§ **Your goal**
Would you copy the full listing that follows without changing a thing?

§ **Entries provided**

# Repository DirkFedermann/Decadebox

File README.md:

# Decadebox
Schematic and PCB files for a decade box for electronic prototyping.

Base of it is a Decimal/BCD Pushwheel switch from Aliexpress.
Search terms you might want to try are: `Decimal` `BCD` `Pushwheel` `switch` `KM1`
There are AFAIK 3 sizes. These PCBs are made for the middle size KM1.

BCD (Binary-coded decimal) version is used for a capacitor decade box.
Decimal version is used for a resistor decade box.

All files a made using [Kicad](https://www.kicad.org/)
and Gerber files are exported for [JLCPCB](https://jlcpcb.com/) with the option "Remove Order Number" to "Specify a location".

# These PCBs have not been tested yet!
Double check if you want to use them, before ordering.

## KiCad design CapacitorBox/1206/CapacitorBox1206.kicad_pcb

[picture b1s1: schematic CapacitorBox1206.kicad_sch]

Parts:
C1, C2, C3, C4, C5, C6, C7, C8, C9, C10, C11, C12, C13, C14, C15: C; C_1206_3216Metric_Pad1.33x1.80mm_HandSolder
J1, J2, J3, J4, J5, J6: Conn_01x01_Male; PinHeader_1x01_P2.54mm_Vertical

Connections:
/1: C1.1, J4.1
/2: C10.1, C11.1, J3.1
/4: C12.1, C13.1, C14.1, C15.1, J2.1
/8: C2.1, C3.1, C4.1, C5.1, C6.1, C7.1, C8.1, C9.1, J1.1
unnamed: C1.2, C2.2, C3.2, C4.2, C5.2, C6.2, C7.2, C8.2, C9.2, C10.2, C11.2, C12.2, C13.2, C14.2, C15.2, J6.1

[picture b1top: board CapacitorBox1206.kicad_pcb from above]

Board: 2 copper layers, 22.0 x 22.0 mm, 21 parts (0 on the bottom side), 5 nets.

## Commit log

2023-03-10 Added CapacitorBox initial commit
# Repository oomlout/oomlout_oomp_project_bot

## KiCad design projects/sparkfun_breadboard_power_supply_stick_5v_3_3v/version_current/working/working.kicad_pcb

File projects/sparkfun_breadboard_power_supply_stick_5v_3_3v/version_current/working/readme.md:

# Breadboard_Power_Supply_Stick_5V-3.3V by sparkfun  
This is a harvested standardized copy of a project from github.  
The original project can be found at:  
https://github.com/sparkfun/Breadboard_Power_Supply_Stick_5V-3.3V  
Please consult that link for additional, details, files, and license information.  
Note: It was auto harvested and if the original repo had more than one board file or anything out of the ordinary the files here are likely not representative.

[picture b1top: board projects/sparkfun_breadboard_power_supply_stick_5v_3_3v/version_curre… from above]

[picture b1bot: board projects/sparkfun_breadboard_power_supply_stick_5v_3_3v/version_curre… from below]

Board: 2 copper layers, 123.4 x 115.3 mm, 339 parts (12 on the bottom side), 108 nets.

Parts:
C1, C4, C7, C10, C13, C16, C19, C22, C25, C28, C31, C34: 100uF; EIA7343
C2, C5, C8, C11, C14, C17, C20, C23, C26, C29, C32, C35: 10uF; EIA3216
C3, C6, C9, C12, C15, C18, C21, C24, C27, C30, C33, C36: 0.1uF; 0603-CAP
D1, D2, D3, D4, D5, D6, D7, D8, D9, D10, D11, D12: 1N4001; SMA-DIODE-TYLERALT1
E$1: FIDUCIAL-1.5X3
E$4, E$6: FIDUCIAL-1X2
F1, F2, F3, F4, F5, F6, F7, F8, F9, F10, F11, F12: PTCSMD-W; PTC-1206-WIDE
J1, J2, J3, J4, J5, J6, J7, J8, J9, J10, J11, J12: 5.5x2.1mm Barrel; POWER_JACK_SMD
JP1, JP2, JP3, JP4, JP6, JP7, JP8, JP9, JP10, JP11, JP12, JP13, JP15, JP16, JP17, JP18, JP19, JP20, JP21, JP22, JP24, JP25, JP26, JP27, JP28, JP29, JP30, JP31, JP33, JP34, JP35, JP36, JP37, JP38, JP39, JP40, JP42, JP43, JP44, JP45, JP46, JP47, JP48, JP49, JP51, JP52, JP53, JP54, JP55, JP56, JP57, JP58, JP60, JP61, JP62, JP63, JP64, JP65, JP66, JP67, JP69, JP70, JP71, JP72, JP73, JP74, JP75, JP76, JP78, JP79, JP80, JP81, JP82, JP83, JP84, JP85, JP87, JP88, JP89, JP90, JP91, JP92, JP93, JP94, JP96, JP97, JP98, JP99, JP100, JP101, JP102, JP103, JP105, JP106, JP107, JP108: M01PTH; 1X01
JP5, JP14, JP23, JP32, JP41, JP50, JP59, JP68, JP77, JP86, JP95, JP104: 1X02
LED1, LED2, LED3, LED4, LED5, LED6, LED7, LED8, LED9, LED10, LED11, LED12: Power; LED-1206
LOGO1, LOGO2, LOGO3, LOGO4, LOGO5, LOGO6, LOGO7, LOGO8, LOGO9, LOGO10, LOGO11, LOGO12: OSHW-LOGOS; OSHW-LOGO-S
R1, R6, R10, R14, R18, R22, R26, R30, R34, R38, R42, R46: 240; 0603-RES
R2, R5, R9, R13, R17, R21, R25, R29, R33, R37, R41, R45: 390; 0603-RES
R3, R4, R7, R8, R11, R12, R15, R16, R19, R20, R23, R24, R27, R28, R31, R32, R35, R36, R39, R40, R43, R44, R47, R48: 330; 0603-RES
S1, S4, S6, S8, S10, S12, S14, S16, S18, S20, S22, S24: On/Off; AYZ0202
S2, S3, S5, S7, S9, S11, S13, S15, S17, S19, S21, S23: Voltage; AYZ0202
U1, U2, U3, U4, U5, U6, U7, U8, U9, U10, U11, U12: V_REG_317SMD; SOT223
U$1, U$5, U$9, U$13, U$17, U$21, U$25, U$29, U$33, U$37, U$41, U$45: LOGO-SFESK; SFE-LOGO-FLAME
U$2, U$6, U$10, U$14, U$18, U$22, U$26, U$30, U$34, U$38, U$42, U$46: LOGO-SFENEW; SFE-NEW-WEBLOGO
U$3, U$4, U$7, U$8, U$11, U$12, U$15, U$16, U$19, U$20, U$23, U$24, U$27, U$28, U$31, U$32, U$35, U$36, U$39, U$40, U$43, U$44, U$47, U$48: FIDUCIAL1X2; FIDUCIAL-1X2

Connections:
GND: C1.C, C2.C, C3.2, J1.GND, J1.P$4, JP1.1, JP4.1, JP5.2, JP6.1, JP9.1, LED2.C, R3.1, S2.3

§ **Answer to the problem**
# Repository DirkFedermann/Decadebox

File README.md:

# Decadebox
Schematic and PCB files for a decade box for electronic prototyping.

Base of it is a Decimal/BCD Pushwheel switch from Aliexpress.
Search terms you might want to try are: `Decimal` `BCD` `Pushwheel` `switch` `KM1`
There are AFAIK 3 sizes. These PCBs are made for the middle size KM1.

BCD (Binary-coded decimal) version is used for a capacitor decade box.
Decimal version is used for a resistor decade box.

All files a made using [Kicad](https://www.kicad.org/)
and Gerber files are exported for [JLCPCB](https://jlcpcb.com/) with the option "Remove Order Number" to "Specify a location".

# These PCBs have not been tested yet!
Double check if you want to use them, before ordering.

## KiCad design CapacitorBox/1206/CapacitorBox1206.kicad_pcb

[picture b1s1: schematic CapacitorBox1206.kicad_sch]

Parts:
C1, C2, C3, C4, C5, C6, C7, C8, C9, C10, C11, C12, C13, C14, C15: C; C_1206_3216Metric_Pad1.33x1.80mm_HandSolder
J1, J2, J3, J4, J5, J6: Conn_01x01_Male; PinHeader_1x01_P2.54mm_Vertical

Connections:
/1: C1.1, J4.1
/2: C10.1, C11.1, J3.1
/4: C12.1, C13.1, C14.1, C15.1, J2.1
/8: C2.1, C3.1, C4.1, C5.1, C6.1, C7.1, C8.1, C9.1, J1.1
unnamed: C1.2, C2.2, C3.2, C4.2, C5.2, C6.2, C7.2, C8.2, C9.2, C10.2, C11.2, C12.2, C13.2, C14.2, C15.2, J6.1

[picture b1top: board CapacitorBox1206.kicad_pcb from above]

Board: 2 copper layers, 22.0 x 22.0 mm, 21 parts (0 on the bottom side), 5 nets.

## Commit log

2023-03-10 Added CapacitorBox initial commit
# Repository oomlout/oomlout_oomp_project_bot

## KiCad design projects/sparkfun_breadboard_power_supply_stick_5v_3_3v/version_current/working/working.kicad_pcb

File projects/sparkfun_breadboard_power_supply_stick_5v_3_3v/version_current/working/readme.md:

# Breadboard_Power_Supply_Stick_5V-3.3V by sparkfun  
This is a harvested standardized copy of a project from github.  
The original project can be found at:  
https://github.com/sparkfun/Breadboard_Power_Supply_Stick_5V-3.3V  
Please consult that link for additional, details, files, and license information.  
Note: It was auto harvested and if the original repo had more than one board file or anything out of the ordinary the files here are likely not representative.

[picture b1top: board projects/sparkfun_breadboard_power_supply_stick_5v_3_3v/version_curre… from above]

[picture b1bot: board projects/sparkfun_breadboard_power_supply_stick_5v_3_3v/version_curre… from below]

Board: 2 copper layers, 123.4 x 115.3 mm, 339 parts (12 on the bottom side), 108 nets.

Parts:
C1, C4, C7, C10, C13, C16, C19, C22, C25, C28, C31, C34: 100uF; EIA7343
C2, C5, C8, C11, C14, C17, C20, C23, C26, C29, C32, C35: 10uF; EIA3216
C3, C6, C9, C12, C15, C18, C21, C24, C27, C30, C33, C36: 0.1uF; 0603-CAP
D1, D2, D3, D4, D5, D6, D7, D8, D9, D10, D11, D12: 1N4001; SMA-DIODE-TYLERALT1
E$1: FIDUCIAL-1.5X3
E$4, E$6: FIDUCIAL-1X2
F1, F2, F3, F4, F5, F6, F7, F8, F9, F10, F11, F12: PTCSMD-W; PTC-1206-WIDE
J1, J2, J3, J4, J5, J6, J7, J8, J9, J10, J11, J12: 5.5x2.1mm Barrel; POWER_JACK_SMD
JP1, JP2, JP3, JP4, JP6, JP7, JP8, JP9, JP10, JP11, JP12, JP13, JP15, JP16, JP17, JP18, JP19, JP20, JP21, JP22, JP24, JP25, JP26, JP27, JP28, JP29, JP30, JP31, JP33, JP34, JP35, JP36, JP37, JP38, JP39, JP40, JP42, JP43, JP44, JP45, JP46, JP47, JP48, JP49, JP51, JP52, JP53, JP54, JP55, JP56, JP57, JP58, JP60, JP61, JP62, JP63, JP64, JP65, JP66, JP67, JP69, JP70, JP71, JP72, JP73, JP74, JP75, JP76, JP78, JP79, JP80, JP81, JP82, JP83, JP84, JP85, JP87, JP88, JP89, JP90, JP91, JP92, JP93, JP94, JP96, JP97, JP98, JP99, JP100, JP101, JP102, JP103, JP105, JP106, JP107, JP108: M01PTH; 1X01
JP5, JP14, JP23, JP32, JP41, JP50, JP59, JP68, JP77, JP86, JP95, JP104: 1X02
LED1, LED2, LED3, LED4, LED5, LED6, LED7, LED8, LED9, LED10, LED11, LED12: Power; LED-1206
LOGO1, LOGO2, LOGO3, LOGO4, LOGO5, LOGO6, LOGO7, LOGO8, LOGO9, LOGO10, LOGO11, LOGO12: OSHW-LOGOS; OSHW-LOGO-S
R1, R6, R10, R14, R18, R22, R26, R30, R34, R38, R42, R46: 240; 0603-RES
R2, R5, R9, R13, R17, R21, R25, R29, R33, R37, R41, R45: 390; 0603-RES
R3, R4, R7, R8, R11, R12, R15, R16, R19, R20, R23, R24, R27, R28, R31, R32, R35, R36, R39, R40, R43, R44, R47, R48: 330; 0603-RES
S1, S4, S6, S8, S10, S12, S14, S16, S18, S20, S22, S24: On/Off; AYZ0202
S2, S3, S5, S7, S9, S11, S13, S15, S17, S19, S21, S23: Voltage; AYZ0202
U1, U2, U3, U4, U5, U6, U7, U8, U9, U10, U11, U12: V_REG_317SMD; SOT223
U$1, U$5, U$9, U$13, U$17, U$21, U$25, U$29, U$33, U$37, U$41, U$45: LOGO-SFESK; SFE-LOGO-FLAME
U$2, U$6, U$10, U$14, U$18, U$22, U$26, U$30, U$34, U$38, U$42, U$46: LOGO-SFENEW; SFE-NEW-WEBLOGO
U$3, U$4, U$7, U$8, U$11, U$12, U$15, U$16, U$19, U$20, U$23, U$24, U$27, U$28, U$31, U$32, U$35, U$36, U$39, U$40, U$43, U$44, U$47, U$48: FIDUCIAL1X2; FIDUCIAL-1X2

Connections:
GND: C1.C, C2.C, C3.2, J1.GND, J1.P$4, JP1.1, JP4.1, JP5.2, JP6.1, JP9.1, LED2.C, R3.1, S2.3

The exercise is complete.